*TASK PROMPT*
Show the lines below that contain the string "mxPoint".

*PROVIDED RECORDS*
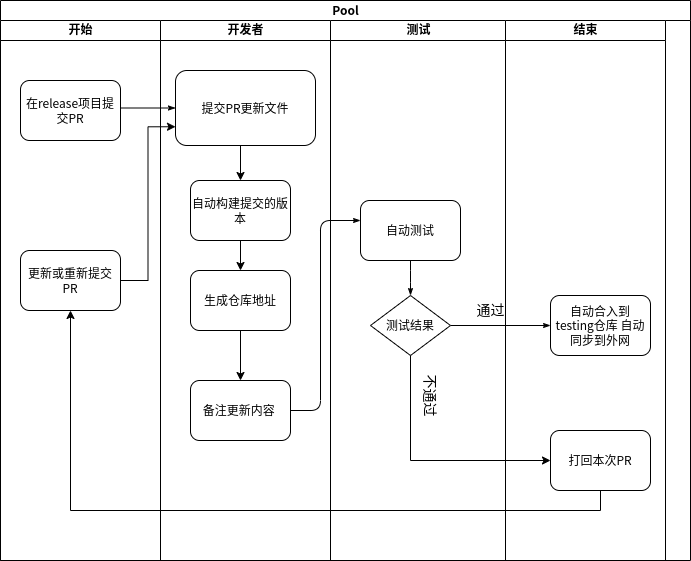

The diagram above was exported from draw.io. Its source (the exported page's mxGraphModel, read from the mxfile embedded in the PNG):
<mxGraphModel dx="1170" dy="552" grid="1" gridSize="10" guides="1" tooltips="1" connect="1" arrows="1" fold="1" page="1" pageScale="1" pageWidth="1100" pageHeight="850" background="none" math="0" shadow="0">
  <root>
    <mxCell id="0" />
    <mxCell id="1" parent="0" />
    <mxCell id="77e6c97f196da883-1" value="Pool" style="swimlane;html=1;childLayout=stackLayout;startSize=20;rounded=0;shadow=0;labelBackgroundColor=none;strokeWidth=1;fontFamily=Verdana;fontSize=8;align=center;" parent="1" vertex="1">
      <mxGeometry x="70" y="40" width="690" height="560" as="geometry" />
    </mxCell>
    <mxCell id="77e6c97f196da883-2" value="开始" style="swimlane;html=1;startSize=20;" parent="77e6c97f196da883-1" vertex="1">
      <mxGeometry y="20" width="160" height="540" as="geometry" />
    </mxCell>
    <mxCell id="N9mEq3BRKRU9UkMBcIcC-7" value="更新或重新提交PR" style="rounded=1;whiteSpace=wrap;html=1;shadow=0;labelBackgroundColor=none;strokeWidth=1;fontFamily=Verdana;fontSize=8;align=center;" parent="77e6c97f196da883-2" vertex="1">
      <mxGeometry x="20" y="230" width="100" height="60" as="geometry" />
    </mxCell>
    <mxCell id="QroOwJM8detx3QCJ_eqV-1" value="在release项目提交PR" style="rounded=1;whiteSpace=wrap;html=1;shadow=0;labelBackgroundColor=none;strokeWidth=1;fontFamily=Verdana;fontSize=8;align=center;" parent="77e6c97f196da883-2" vertex="1">
      <mxGeometry x="20" y="60" width="100" height="60" as="geometry" />
    </mxCell>
    <mxCell id="77e6c97f196da883-26" style="edgeStyle=orthogonalEdgeStyle;rounded=1;html=1;labelBackgroundColor=none;startArrow=none;startFill=0;startSize=5;endArrow=classicThin;endFill=1;endSize=5;jettySize=auto;orthogonalLoop=1;strokeWidth=1;fontFamily=Verdana;fontSize=8" parent="77e6c97f196da883-1" target="77e6c97f196da883-11" edge="1">
      <mxGeometry relative="1" as="geometry">
        <mxPoint x="120" y="107.5" as="sourcePoint" />
      </mxGeometry>
    </mxCell>
    <mxCell id="77e6c97f196da883-28" style="edgeStyle=orthogonalEdgeStyle;rounded=1;html=1;labelBackgroundColor=none;startArrow=none;startFill=0;startSize=5;endArrow=classicThin;endFill=1;endSize=5;jettySize=auto;orthogonalLoop=1;strokeWidth=1;fontFamily=Verdana;fontSize=8" parent="77e6c97f196da883-1" source="77e6c97f196da883-9" target="77e6c97f196da883-12" edge="1">
      <mxGeometry relative="1" as="geometry">
        <Array as="points">
          <mxPoint x="320" y="410" />
          <mxPoint x="320" y="220" />
        </Array>
      </mxGeometry>
    </mxCell>
    <mxCell id="77e6c97f196da883-33" style="edgeStyle=orthogonalEdgeStyle;rounded=1;html=1;labelBackgroundColor=none;startArrow=none;startFill=0;startSize=5;endArrow=classicThin;endFill=1;endSize=5;jettySize=auto;orthogonalLoop=1;strokeWidth=1;fontFamily=Verdana;fontSize=8" parent="77e6c97f196da883-1" source="77e6c97f196da883-13" target="77e6c97f196da883-15" edge="1">
      <mxGeometry relative="1" as="geometry" />
    </mxCell>
    <mxCell id="77e6c97f196da883-3" value="开发者" style="swimlane;html=1;startSize=20;" parent="77e6c97f196da883-1" vertex="1">
      <mxGeometry x="160" y="20" width="170" height="540" as="geometry" />
    </mxCell>
    <mxCell id="J-RDlK15DDcZDOqMDBXm-6" style="edgeStyle=orthogonalEdgeStyle;rounded=0;orthogonalLoop=1;jettySize=auto;html=1;exitX=0.5;exitY=1;exitDx=0;exitDy=0;entryX=0.5;entryY=0;entryDx=0;entryDy=0;" parent="77e6c97f196da883-3" source="77e6c97f196da883-11" target="J-RDlK15DDcZDOqMDBXm-2" edge="1">
      <mxGeometry relative="1" as="geometry" />
    </mxCell>
    <mxCell id="77e6c97f196da883-11" value="提交PR更新文件" style="rounded=1;whiteSpace=wrap;html=1;shadow=0;labelBackgroundColor=none;strokeWidth=1;fontFamily=Verdana;fontSize=8;align=center;" parent="77e6c97f196da883-3" vertex="1">
      <mxGeometry x="15" y="50" width="140" height="75" as="geometry" />
    </mxCell>
    <mxCell id="77e6c97f196da883-9" value="备注更新内容&amp;nbsp;" style="rounded=1;whiteSpace=wrap;html=1;shadow=0;labelBackgroundColor=none;strokeWidth=1;fontFamily=Verdana;fontSize=8;align=center;" parent="77e6c97f196da883-3" vertex="1">
      <mxGeometry x="30" y="360" width="100" height="60" as="geometry" />
    </mxCell>
    <mxCell id="J-RDlK15DDcZDOqMDBXm-9" style="edgeStyle=orthogonalEdgeStyle;rounded=0;orthogonalLoop=1;jettySize=auto;html=1;exitX=0.5;exitY=1;exitDx=0;exitDy=0;entryX=0.5;entryY=0;entryDx=0;entryDy=0;" parent="77e6c97f196da883-3" source="J-RDlK15DDcZDOqMDBXm-2" target="J-RDlK15DDcZDOqMDBXm-4" edge="1">
      <mxGeometry relative="1" as="geometry" />
    </mxCell>
    <mxCell id="J-RDlK15DDcZDOqMDBXm-2" value="自动构建提交的版本" style="rounded=1;whiteSpace=wrap;html=1;shadow=0;labelBackgroundColor=none;strokeWidth=1;fontFamily=Verdana;fontSize=8;align=center;" parent="77e6c97f196da883-3" vertex="1">
      <mxGeometry x="30" y="160" width="100" height="60" as="geometry" />
    </mxCell>
    <mxCell id="J-RDlK15DDcZDOqMDBXm-10" style="edgeStyle=orthogonalEdgeStyle;rounded=0;orthogonalLoop=1;jettySize=auto;html=1;exitX=0.5;exitY=1;exitDx=0;exitDy=0;entryX=0.5;entryY=0;entryDx=0;entryDy=0;" parent="77e6c97f196da883-3" source="J-RDlK15DDcZDOqMDBXm-4" target="77e6c97f196da883-9" edge="1">
      <mxGeometry relative="1" as="geometry" />
    </mxCell>
    <mxCell id="J-RDlK15DDcZDOqMDBXm-4" value="生成仓库地址" style="rounded=1;whiteSpace=wrap;html=1;shadow=0;labelBackgroundColor=none;strokeWidth=1;fontFamily=Verdana;fontSize=8;align=center;" parent="77e6c97f196da883-3" vertex="1">
      <mxGeometry x="30" y="250" width="100" height="60" as="geometry" />
    </mxCell>
    <mxCell id="77e6c97f196da883-4" value="测试" style="swimlane;html=1;startSize=20;" parent="77e6c97f196da883-1" vertex="1">
      <mxGeometry x="330" y="20" width="175" height="540" as="geometry" />
    </mxCell>
    <mxCell id="77e6c97f196da883-12" value="自动测试" style="rounded=1;whiteSpace=wrap;html=1;shadow=0;labelBackgroundColor=none;strokeWidth=1;fontFamily=Verdana;fontSize=8;align=center;" parent="77e6c97f196da883-4" vertex="1">
      <mxGeometry x="30" y="180" width="100" height="60" as="geometry" />
    </mxCell>
    <mxCell id="77e6c97f196da883-13" value="测试结果" style="rhombus;whiteSpace=wrap;html=1;rounded=0;shadow=0;labelBackgroundColor=none;strokeWidth=1;fontFamily=Verdana;fontSize=8;align=center;" parent="77e6c97f196da883-4" vertex="1">
      <mxGeometry x="40" y="275" width="80" height="60" as="geometry" />
    </mxCell>
    <mxCell id="77e6c97f196da883-29" style="edgeStyle=orthogonalEdgeStyle;rounded=1;html=1;labelBackgroundColor=none;startArrow=none;startFill=0;startSize=5;endArrow=classicThin;endFill=1;endSize=5;jettySize=auto;orthogonalLoop=1;strokeWidth=1;fontFamily=Verdana;fontSize=8" parent="77e6c97f196da883-4" source="77e6c97f196da883-12" target="77e6c97f196da883-13" edge="1">
      <mxGeometry relative="1" as="geometry" />
    </mxCell>
    <mxCell id="N9mEq3BRKRU9UkMBcIcC-1" value="通过" style="text;html=1;resizable=0;autosize=1;align=center;verticalAlign=middle;points=[];fillColor=none;strokeColor=none;rounded=0;fontSize=14;" parent="77e6c97f196da883-4" vertex="1">
      <mxGeometry x="135" y="275" width="50" height="30" as="geometry" />
    </mxCell>
    <mxCell id="N9mEq3BRKRU9UkMBcIcC-5" value="不通过" style="text;html=1;resizable=0;autosize=1;align=center;verticalAlign=middle;points=[];fillColor=none;strokeColor=none;rounded=0;fontSize=14;rotation=90;" parent="77e6c97f196da883-4" vertex="1">
      <mxGeometry x="65" y="360" width="70" height="30" as="geometry" />
    </mxCell>
    <mxCell id="77e6c97f196da883-5" value="结束" style="swimlane;html=1;startSize=20;" parent="77e6c97f196da883-1" vertex="1">
      <mxGeometry x="505" y="20" width="160" height="540" as="geometry" />
    </mxCell>
    <mxCell id="77e6c97f196da883-15" value="自动合入到testing仓库 自动同步到外网" style="rounded=1;whiteSpace=wrap;html=1;shadow=0;labelBackgroundColor=none;strokeWidth=1;fontFamily=Verdana;fontSize=8;align=center;" parent="77e6c97f196da883-5" vertex="1">
      <mxGeometry x="45" y="275" width="100" height="60" as="geometry" />
    </mxCell>
    <mxCell id="N9mEq3BRKRU9UkMBcIcC-6" value="打回本次PR" style="rounded=1;whiteSpace=wrap;html=1;shadow=0;labelBackgroundColor=none;strokeWidth=1;fontFamily=Verdana;fontSize=8;align=center;" parent="77e6c97f196da883-5" vertex="1">
      <mxGeometry x="45" y="410" width="100" height="60" as="geometry" />
    </mxCell>
    <mxCell id="N9mEq3BRKRU9UkMBcIcC-4" style="edgeStyle=orthogonalEdgeStyle;rounded=0;orthogonalLoop=1;jettySize=auto;html=1;exitX=0.5;exitY=1;exitDx=0;exitDy=0;fontSize=14;entryX=0;entryY=0.5;entryDx=0;entryDy=0;" parent="77e6c97f196da883-1" source="77e6c97f196da883-13" target="N9mEq3BRKRU9UkMBcIcC-6" edge="1">
      <mxGeometry relative="1" as="geometry">
        <mxPoint x="470" y="510" as="targetPoint" />
      </mxGeometry>
    </mxCell>
    <mxCell id="N9mEq3BRKRU9UkMBcIcC-8" style="edgeStyle=orthogonalEdgeStyle;rounded=0;orthogonalLoop=1;jettySize=auto;html=1;exitX=0.5;exitY=1;exitDx=0;exitDy=0;entryX=0.5;entryY=1;entryDx=0;entryDy=0;fontSize=14;" parent="77e6c97f196da883-1" source="N9mEq3BRKRU9UkMBcIcC-6" target="N9mEq3BRKRU9UkMBcIcC-7" edge="1">
      <mxGeometry relative="1" as="geometry" />
    </mxCell>
    <mxCell id="N9mEq3BRKRU9UkMBcIcC-9" style="edgeStyle=orthogonalEdgeStyle;rounded=0;orthogonalLoop=1;jettySize=auto;html=1;exitX=1;exitY=0.5;exitDx=0;exitDy=0;entryX=0;entryY=0.75;entryDx=0;entryDy=0;fontSize=14;" parent="77e6c97f196da883-1" source="N9mEq3BRKRU9UkMBcIcC-7" target="77e6c97f196da883-11" edge="1">
      <mxGeometry relative="1" as="geometry" />
    </mxCell>
  </root>
</mxGraphModel>

*FINISHED TASK*
        <mxPoint x="120" y="107.5" as="sourcePoint" />
          <mxPoint x="320" y="410" />
          <mxPoint x="320" y="220" />
        <mxPoint x="470" y="510" as="targetPoint" />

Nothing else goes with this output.